Generalized linear mixed models

Generalized linear mixed models extend the linear model so that:

  • The target is linearly related to the factors and covariates via a specified link function.
  • The target can have a non-normal distribution.
  • The observations can be correlated.

Generalized linear mixed models cover a wide variety of models, from simple linear regression to complex multilevel models for non-normal longitudinal data.

Examples
The district school board can use a generalized linear mixed model to determine whether an experimental teaching method is effective at improving math scores. Students from the same classroom should be correlated since they are taught by the same teacher, and classrooms within the same school may also be correlated, so we can include random effects at school and class levels to account for different sources of variability.
Medical researchers can use a generalized linear mixed model to determine whether a new anticonvulsant drug can reduce a patient's rate of epileptic seizures. Repeated measurements from the same patient are typically positively correlated so a mixed model with some random effects should be appropriate. The target field, the number of seizures, takes positive integer values, so a generalized linear mixed model with a Poisson distribution and log link may be appropriate.
Executives at a cable provider of television, phone, and internet services can use a generalized linear mixed model to know more about potential customers. Since possible answers have nominal measurement levels, the company analyst uses a generalized logit mixed model with a random intercept to capture correlation between answers to the service usage questions across service types (tv, phone, internet) within a given survey responder's answers.

The Data Structure tab allows you to specify the structural relationships between records in your dataset when observations are correlated. If the records in the dataset represent independent observations, you do not need to specify anything on this tab.

Effects options

Subjects
The combination of values of the specified categorical fields should uniquely define subjects within the dataset. For example, a single Patient ID field should be sufficient to define subjects in a single hospital, but the combination of Hospital ID and Patient ID may be necessary if patient identification numbers are not unique across hospitals. In a repeated measures setting, multiple observations are recorded for each subject, so each subject may occupy multiple records in the dataset.
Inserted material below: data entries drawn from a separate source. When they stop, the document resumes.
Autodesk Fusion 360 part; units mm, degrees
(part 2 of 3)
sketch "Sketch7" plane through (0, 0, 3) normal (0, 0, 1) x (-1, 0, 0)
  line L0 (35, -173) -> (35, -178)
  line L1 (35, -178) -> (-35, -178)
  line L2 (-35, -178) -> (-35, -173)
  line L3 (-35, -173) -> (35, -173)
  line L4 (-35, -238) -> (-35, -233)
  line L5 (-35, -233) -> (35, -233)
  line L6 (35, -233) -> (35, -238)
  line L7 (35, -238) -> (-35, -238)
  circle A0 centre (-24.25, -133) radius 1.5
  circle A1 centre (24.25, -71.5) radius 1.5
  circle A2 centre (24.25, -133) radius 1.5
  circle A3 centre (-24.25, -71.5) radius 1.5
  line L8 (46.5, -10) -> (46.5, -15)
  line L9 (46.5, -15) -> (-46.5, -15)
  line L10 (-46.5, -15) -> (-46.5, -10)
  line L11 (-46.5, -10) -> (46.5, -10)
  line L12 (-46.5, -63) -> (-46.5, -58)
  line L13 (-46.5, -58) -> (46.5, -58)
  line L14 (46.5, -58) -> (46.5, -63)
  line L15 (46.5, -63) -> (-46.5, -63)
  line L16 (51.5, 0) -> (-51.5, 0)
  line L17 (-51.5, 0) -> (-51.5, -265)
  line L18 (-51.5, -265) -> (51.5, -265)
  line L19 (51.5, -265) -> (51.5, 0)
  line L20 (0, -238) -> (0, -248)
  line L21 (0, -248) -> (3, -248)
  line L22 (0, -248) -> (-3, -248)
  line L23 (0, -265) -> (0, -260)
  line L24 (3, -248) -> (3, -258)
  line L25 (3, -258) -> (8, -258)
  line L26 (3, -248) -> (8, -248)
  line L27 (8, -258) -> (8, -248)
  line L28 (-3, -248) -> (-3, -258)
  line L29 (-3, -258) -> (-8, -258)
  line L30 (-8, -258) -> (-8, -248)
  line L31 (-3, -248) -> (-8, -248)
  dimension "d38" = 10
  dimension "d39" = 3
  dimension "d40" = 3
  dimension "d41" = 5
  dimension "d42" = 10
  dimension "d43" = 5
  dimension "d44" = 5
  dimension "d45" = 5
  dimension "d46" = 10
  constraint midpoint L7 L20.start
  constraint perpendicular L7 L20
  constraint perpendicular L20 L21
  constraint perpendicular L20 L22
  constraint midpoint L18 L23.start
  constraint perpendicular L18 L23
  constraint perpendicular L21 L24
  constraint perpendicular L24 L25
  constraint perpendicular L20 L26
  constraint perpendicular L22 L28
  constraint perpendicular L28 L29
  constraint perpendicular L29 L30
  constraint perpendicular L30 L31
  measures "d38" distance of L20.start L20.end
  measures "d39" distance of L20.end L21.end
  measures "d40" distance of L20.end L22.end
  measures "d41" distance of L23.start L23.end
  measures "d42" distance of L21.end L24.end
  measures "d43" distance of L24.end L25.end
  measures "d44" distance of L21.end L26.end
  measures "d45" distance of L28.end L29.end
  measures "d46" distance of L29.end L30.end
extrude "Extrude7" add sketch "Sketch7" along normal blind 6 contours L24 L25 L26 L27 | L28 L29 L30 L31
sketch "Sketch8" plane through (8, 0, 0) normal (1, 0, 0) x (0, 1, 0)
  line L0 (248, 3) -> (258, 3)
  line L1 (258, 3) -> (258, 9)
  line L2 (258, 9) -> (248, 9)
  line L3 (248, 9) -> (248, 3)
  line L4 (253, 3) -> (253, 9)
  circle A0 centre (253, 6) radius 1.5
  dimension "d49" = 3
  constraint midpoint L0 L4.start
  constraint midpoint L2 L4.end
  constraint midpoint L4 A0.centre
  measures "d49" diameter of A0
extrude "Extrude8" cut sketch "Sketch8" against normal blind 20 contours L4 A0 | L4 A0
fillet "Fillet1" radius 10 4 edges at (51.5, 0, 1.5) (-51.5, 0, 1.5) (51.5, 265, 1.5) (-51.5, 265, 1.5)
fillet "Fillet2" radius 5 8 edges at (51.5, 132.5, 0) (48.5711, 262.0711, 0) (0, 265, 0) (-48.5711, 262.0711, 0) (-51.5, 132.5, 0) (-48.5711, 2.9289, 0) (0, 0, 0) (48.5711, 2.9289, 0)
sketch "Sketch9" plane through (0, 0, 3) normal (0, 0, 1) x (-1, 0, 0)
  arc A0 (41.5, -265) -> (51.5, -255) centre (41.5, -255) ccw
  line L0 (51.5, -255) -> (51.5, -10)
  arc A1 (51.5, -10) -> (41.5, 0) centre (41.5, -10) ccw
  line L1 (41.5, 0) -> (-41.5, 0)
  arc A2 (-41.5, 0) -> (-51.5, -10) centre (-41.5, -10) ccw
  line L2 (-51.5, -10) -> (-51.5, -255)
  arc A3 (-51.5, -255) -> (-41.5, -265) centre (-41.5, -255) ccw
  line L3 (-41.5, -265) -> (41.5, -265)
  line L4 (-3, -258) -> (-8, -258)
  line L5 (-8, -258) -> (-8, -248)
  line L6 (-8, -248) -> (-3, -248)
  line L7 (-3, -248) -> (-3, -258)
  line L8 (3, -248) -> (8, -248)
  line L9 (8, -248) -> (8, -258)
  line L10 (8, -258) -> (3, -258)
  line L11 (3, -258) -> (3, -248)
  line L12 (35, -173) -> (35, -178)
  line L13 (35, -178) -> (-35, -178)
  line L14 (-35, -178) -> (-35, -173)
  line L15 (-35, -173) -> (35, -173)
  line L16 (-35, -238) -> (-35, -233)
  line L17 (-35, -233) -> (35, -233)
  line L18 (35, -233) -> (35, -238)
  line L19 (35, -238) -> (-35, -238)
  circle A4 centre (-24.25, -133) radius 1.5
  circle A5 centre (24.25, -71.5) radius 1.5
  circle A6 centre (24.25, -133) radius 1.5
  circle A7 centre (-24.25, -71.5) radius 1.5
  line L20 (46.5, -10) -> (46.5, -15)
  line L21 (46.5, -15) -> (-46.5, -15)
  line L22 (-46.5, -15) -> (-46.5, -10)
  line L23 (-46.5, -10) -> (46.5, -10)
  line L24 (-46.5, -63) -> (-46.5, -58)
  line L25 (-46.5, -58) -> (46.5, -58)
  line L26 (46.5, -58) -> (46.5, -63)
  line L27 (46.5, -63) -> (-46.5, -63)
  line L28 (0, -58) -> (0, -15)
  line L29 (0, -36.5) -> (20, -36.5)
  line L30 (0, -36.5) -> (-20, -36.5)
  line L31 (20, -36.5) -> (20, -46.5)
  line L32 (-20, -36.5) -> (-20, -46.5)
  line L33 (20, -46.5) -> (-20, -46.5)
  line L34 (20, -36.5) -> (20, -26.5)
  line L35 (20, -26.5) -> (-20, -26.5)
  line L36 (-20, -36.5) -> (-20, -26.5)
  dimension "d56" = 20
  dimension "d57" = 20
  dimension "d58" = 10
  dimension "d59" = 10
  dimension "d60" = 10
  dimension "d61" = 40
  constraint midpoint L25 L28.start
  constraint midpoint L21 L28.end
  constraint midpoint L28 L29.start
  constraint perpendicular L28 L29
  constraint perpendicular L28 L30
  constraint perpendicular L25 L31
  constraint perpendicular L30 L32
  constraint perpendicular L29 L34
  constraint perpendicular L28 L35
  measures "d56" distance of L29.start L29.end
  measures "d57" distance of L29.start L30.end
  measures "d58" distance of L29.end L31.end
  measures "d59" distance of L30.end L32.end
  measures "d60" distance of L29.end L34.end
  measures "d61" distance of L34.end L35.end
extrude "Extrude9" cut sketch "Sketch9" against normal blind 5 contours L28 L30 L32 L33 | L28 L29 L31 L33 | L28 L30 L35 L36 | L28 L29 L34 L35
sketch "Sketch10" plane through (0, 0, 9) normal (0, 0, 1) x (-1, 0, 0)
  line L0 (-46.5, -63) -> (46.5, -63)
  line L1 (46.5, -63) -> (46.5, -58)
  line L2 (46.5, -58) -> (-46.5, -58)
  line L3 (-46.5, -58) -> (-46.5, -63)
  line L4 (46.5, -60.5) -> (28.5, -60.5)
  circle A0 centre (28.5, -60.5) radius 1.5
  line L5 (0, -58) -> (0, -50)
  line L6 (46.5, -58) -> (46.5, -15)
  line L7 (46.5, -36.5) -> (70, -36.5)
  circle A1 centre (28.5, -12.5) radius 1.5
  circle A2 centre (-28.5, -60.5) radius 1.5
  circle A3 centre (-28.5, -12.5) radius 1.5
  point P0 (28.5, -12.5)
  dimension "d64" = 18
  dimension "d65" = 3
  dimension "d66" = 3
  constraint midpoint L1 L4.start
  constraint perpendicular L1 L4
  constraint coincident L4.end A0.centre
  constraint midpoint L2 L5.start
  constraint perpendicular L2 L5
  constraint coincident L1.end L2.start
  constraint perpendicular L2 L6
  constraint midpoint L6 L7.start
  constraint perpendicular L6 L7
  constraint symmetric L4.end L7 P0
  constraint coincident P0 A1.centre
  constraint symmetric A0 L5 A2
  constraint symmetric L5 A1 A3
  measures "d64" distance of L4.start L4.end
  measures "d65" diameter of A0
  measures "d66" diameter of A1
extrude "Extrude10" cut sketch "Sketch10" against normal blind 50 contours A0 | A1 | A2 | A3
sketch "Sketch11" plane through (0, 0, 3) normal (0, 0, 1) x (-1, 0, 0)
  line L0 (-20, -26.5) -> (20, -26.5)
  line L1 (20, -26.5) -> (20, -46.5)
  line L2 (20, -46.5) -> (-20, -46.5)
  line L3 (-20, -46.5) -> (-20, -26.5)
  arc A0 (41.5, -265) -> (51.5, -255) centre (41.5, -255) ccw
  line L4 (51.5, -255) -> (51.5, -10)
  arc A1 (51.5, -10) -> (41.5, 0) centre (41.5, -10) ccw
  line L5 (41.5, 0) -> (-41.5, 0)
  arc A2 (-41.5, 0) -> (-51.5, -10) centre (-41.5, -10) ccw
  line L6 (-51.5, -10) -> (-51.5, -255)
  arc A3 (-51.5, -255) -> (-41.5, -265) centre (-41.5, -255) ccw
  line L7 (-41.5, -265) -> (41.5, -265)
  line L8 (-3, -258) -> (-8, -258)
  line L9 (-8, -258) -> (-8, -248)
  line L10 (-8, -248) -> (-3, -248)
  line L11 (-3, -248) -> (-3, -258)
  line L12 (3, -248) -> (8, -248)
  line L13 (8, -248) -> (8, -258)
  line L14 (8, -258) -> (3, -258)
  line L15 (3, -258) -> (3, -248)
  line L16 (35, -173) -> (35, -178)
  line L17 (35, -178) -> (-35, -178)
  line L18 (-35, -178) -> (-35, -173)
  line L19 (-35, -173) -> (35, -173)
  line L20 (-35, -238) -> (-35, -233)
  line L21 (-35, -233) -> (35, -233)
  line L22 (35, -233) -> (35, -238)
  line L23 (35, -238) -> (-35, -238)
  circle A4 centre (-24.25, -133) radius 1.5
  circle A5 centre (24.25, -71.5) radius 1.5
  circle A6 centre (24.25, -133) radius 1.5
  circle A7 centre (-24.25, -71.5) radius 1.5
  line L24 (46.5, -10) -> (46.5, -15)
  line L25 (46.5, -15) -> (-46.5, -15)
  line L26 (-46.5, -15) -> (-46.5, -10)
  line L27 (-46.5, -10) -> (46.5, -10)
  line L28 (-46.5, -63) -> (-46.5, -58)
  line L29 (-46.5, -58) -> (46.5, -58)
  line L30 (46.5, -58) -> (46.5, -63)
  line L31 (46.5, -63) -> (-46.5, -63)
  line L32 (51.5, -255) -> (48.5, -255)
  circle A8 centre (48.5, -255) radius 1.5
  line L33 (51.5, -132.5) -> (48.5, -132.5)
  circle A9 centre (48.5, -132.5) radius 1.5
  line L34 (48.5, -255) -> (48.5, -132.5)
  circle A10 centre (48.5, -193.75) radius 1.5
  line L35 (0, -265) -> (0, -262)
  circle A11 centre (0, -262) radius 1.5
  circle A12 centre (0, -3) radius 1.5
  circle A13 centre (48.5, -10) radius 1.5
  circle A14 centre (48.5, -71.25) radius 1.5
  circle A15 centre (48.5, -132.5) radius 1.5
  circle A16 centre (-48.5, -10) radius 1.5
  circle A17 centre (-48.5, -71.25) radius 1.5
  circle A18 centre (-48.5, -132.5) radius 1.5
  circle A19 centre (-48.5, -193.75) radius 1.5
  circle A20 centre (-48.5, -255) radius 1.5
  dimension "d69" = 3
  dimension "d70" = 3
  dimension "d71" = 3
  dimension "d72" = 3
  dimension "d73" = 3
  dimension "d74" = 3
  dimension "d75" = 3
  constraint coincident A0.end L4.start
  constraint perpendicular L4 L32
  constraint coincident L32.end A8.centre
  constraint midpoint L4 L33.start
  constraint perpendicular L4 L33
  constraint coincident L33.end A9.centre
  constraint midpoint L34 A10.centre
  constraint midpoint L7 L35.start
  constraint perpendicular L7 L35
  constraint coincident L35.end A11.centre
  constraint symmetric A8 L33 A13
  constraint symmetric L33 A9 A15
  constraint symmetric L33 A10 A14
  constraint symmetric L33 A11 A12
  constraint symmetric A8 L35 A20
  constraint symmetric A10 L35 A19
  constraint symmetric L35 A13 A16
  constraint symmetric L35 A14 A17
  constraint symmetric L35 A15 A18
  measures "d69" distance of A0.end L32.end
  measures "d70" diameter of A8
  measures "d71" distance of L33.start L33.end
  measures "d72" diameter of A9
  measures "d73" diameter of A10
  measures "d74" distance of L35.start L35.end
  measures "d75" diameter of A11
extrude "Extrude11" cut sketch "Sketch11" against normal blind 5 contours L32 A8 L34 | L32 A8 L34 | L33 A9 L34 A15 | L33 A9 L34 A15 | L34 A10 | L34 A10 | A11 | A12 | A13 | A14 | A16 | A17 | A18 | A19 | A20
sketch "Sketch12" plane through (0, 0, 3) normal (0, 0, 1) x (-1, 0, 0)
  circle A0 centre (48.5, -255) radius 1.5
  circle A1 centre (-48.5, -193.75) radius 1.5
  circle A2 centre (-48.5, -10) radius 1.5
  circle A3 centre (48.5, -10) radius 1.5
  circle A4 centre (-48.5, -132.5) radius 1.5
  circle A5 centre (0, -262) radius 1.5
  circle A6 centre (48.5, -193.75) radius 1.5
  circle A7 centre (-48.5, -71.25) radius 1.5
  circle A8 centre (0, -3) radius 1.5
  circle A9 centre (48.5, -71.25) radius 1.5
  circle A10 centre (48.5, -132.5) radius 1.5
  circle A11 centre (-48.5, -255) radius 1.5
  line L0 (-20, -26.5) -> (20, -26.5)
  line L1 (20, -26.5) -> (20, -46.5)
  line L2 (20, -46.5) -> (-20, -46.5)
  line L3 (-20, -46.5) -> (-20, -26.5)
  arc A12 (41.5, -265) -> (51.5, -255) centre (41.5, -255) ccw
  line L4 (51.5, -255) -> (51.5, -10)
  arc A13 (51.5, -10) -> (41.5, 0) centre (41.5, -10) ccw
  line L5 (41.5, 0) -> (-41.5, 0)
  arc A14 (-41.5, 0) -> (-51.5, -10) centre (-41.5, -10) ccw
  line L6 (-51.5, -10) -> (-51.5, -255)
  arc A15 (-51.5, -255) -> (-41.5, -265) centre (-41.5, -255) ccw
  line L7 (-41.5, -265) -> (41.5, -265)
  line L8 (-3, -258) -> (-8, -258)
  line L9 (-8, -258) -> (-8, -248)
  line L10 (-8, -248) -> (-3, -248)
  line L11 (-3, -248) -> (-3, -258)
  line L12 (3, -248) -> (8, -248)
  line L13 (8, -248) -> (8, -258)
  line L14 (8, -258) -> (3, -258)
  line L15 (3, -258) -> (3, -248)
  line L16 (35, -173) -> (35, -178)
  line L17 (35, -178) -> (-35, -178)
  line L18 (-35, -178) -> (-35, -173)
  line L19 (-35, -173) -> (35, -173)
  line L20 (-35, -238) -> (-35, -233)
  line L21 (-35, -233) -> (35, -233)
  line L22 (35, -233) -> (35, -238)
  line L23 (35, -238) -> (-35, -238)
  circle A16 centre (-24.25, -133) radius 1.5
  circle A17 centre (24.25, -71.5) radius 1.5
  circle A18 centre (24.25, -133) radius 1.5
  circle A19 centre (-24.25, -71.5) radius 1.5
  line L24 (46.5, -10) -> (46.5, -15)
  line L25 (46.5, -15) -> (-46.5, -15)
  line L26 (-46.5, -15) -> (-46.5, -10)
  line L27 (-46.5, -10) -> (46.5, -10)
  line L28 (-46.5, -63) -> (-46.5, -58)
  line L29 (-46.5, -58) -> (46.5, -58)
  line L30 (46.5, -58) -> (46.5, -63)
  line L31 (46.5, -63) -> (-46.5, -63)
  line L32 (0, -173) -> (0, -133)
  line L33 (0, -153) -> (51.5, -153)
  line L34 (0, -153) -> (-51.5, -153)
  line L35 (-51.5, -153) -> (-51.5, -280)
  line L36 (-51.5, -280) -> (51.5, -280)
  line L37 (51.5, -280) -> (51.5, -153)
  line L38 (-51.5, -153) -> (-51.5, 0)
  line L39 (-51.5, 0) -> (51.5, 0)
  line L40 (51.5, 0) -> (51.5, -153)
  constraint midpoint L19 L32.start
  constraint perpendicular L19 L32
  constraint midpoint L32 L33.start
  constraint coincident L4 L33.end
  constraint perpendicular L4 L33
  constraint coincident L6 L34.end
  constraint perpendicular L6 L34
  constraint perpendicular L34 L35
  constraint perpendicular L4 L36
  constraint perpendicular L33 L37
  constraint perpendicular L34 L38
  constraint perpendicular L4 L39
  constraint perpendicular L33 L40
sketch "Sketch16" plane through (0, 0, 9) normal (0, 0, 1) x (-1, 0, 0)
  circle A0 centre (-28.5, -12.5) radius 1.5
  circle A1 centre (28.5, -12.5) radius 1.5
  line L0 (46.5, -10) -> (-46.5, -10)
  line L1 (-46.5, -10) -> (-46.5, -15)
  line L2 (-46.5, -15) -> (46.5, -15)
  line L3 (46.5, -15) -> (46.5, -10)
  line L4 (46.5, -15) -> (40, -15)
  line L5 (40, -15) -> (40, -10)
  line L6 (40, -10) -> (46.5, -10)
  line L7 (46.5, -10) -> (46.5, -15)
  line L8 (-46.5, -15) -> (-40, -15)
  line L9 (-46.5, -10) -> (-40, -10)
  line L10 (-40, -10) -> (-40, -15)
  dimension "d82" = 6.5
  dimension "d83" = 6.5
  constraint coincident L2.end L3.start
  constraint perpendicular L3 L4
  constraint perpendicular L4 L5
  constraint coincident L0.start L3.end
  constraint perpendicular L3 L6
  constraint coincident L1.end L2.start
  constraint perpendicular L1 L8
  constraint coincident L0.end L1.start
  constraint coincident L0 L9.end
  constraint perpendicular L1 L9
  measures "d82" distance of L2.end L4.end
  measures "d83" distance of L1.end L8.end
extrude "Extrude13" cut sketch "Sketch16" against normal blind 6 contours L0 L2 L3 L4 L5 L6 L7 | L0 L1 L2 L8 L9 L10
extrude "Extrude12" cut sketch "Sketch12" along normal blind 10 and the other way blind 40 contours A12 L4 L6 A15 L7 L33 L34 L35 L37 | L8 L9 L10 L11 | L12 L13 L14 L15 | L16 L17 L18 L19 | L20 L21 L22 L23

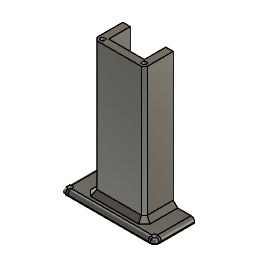
design "handlepiece2"
Autodesk Fusion 360 part; units mm, degrees
sketch "Sketch1" plane through (0, 0, 0) normal (0, 0, 1) x (1, 0, 0)
  line L0 (-28.5, -24) -> (-28.5, 24)
  line L1 (-28.5, 24) -> (28.5, 24)
  line L2 (28.5, 24) -> (28.5, -24)
  line L3 (-28.5, -24) -> (28.5, -24)
  circle A0 centre (-28.5, 24) radius 1.5
  circle A1 centre (28.5, 24) radius 1.5
  circle A2 centre (-28.5, -24) radius 1.5
  circle A3 centre (28.5, -24) radius 1.5
  line L4 (0, 24) -> (0, -24)
  line L5 (0, 0) -> (-28.5, 0)
  line L6 (-31.5, -27) -> (31.5, -27)
  line L7 (31.5, 27) -> (31.5, -27)
  line L8 (-31.5, 27) -> (31.5, 27)
  line L9 (-31.5, -27) -> (-31.5, 27)
  dimension "d1" = 3
  dimension "d2" = 3
  dimension "d3" = 3
  dimension "d4" = 3
  dimension "d5" = -3
  constraint perpendicular L0 L3
  constraint coincident L0.end L1.start
  constraint coincident L1.end L2.start
  constraint coincident L0.start L3.start
  constraint coincident L2.end L3.end
  constraint midpoint L1 L4.start
  constraint midpoint L3 L4.end
  constraint midpoint L4 L5.start
  constraint midpoint L0 L5.end
  constraint perpendicular L0 L5
  measures "d1" diameter of A0
  measures "d2" diameter of A1
  measures "d3" diameter of A2
  measures "d4" diameter of A3
extrude "Extrude1" add sketch "Sketch1" along normal blind 3 contours L0 L3 A2 L4 L5 | L0 L1 A0 L4 L5 | L1 L2 L3 A1 A3 L4 | L6 L7 L8 L9
sketch "Sketch2" plane through (0, 0, 3) normal (0, 0, 1) x (-1, 0, 0)
  circle A0 centre (-28.5, -24) radius 1.5
  circle A1 centre (28.5, 24) radius 1.5
  circle A2 centre (28.5, -24) radius 1.5
  circle A3 centre (-28.5, 24) radius 1.5
  line L0 (31.5, 27) -> (-31.5, 27)
  line L1 (-31.5, 27) -> (-31.5, -27)
  line L2 (-31.5, -27) -> (31.5, -27)
  line L3 (31.5, -27) -> (31.5, 27)
  line L4 (-15, -19.5) -> (15, -19.5)
  line L5 (12, -14.5) -> (-12, -14.5)
  circle A4 centre (14, -16.5) radius 1.5
  line L6 (15, -19.5) -> (17, -17.5)
  line L7 (17, -17.5) -> (17, 0)
  line L8 (17, 0) -> (12, 0)
  line L9 (12, 0) -> (12, -14.5)
  line L10 (-12, -14.5) -> (-12, 0)
  line L11 (-12, 0) -> (-17, 0)
  line L12 (-17, 0) -> (-17, -17.5)
  line L13 (-17, -17.5) -> (-15, -19.5)
  circle A5 centre (-14, -16.5) radius 1.5
  line L14 (12, 0) -> (-12, 0)
  line L15 (0, 0) -> (0, -7.25)
  line L16 (12, 0) -> (12, 14.5)
  line L17 (17, 17.5) -> (17, 0)
  line L18 (17, 0) -> (12, 0)
  line L19 (-15, 19.5) -> (15, 19.5)
  line L20 (12, 14.5) -> (-12, 14.5)
  line L21 (-12, 14.5) -> (-12, 0)
  circle A6 centre (14, 16.5) radius 1.5
  circle A7 centre (-14, 16.5) radius 1.5
  line L22 (-17, 17.5) -> (-15, 19.5)
  line L23 (-17, 0) -> (-17, 17.5)
  line L24 (-12, 0) -> (-17, 0)
  line L25 (15, 19.5) -> (17, 17.5)
  constraint perpendicular L10 L14
  constraint midpoint L14 L15.start
  constraint perpendicular L14 L15
  constraint symmetric L12.end L14 L22.start
  constraint symmetric L4.start L14 L19.start
  constraint symmetric L4.end L14 L19.end
  constraint symmetric L6.end L14 L17.start
  constraint symmetric L8.end L14 L9.start
  constraint symmetric L5.start L14 L16.end
  constraint symmetric L5.end L14 L20.end
  constraint symmetric L10.end L14 L11.start
  constraint symmetric L11.end L14 L12.start
  constraint symmetric L7.end L14 L8.start
  constraint symmetric A4 L14 A6
  constraint symmetric A5 L14 A7
extrude "Extrude2" add sketch "Sketch2" along normal blind 90 contours L4 L5 L6 L7 L8 L9 L10 L11 L12 L13 L18 L24 | L8 L11 L16 L17 L18 L19 L20 L21 L22 L23 L24 L25
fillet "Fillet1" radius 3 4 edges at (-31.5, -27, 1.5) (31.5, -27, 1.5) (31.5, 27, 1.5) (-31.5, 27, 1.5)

A subject is an observational unit that can be considered independent of other subjects. For example, the blood pressure readings from a patient in a medical study can be considered independent of the readings from other patients. Defining subjects becomes particularly important when there are repeated measurements per subject and you want to model the correlation between these observations. For example, you might expect that blood pressure readings from a single patient during consecutive visits to the doctor are correlated.

All of the fields specified as Subjects on the Variables dialog are used to define subjects for the residual covariance structure, and provide the list of possible fields for defining subjects for random-effects covariance structures on the Random Effect Block.

Repeated Measures
The fields specified here are used to identify repeated observations. For example, a single variable Week might identify the 10 weeks of observations in a medical study, or Month and Day might be used together to identify daily observations over the course of a year.

Covariance options

Define covariance groups by
The categorical fields specified here define independent sets of repeated effects covariance parameters; one for each category defined by the cross-classification of the grouping fields. All subjects have the same covariance type; subjects within the same covariance grouping will have the same values for the parameters.
Repeated covariance type
This specifies the covariance structure for the residuals. Different covariance options are available based on the selected Repeated covariance type. The available structures are:
  • First-order autoregressive (AR1)
  • Direct product AR1 (UN_AR1)
  • Direct product unstructured (UN_UN)
  • Direct product compound symmetry (UN_CS)
  • Heterogeneous compound symmetry (CSH)
  • Heterogeneous autoregressive (ARH1)
  • Autoregressive moving average (1,1) (ARMA11)
  • Compound symmetry
  • Diagonal
  • Scaled identity
  • Toeplitz
  • Unstructured
  • Variance components
  • Spatial: Power
  • Spatial: Exponential
  • Spatial: Gaussian
  • Spatial: Linear
  • Spatial: Linear-log
  • Spatial: Spherical
Kronecker Measures
Select variables that specify the subject structure for Knonecker covariance measurements and determine how the measurement errors are correlated. The field is available only when one of the following Repeated Covariance Type is selected:
  • Direct product AR1 (UN_AR1)
  • Direct product unstructured (UN_UN)
  • Direct product compound symmetry (UN_CS)
Spatial covariance coordinates
The variables in this list specify the coordinates of the repeated observations when one of the spatial covariance types is selected for the repeated covariance type.

See the topic Covariance Structures for more information.

Pseudo R2 measures

Pseudo-R2 measures and the intra-class correlation coefficient are included in GLMM output (when appropriate). The pseudo-R2 measures are based entirely on the final estimates and are produced after estimation has been completed. The coefficient of determination R2 is a commonly reported statistic, because it represents the proportion of variance explained by a linear model. The intra-class correlation coefficient (ICC) is a related statistic that quantifies the proportion of variance explained by a grouping (random) factor in multilevel/ hierarchical data.

This procedure pastes GENLINMIXED command syntax.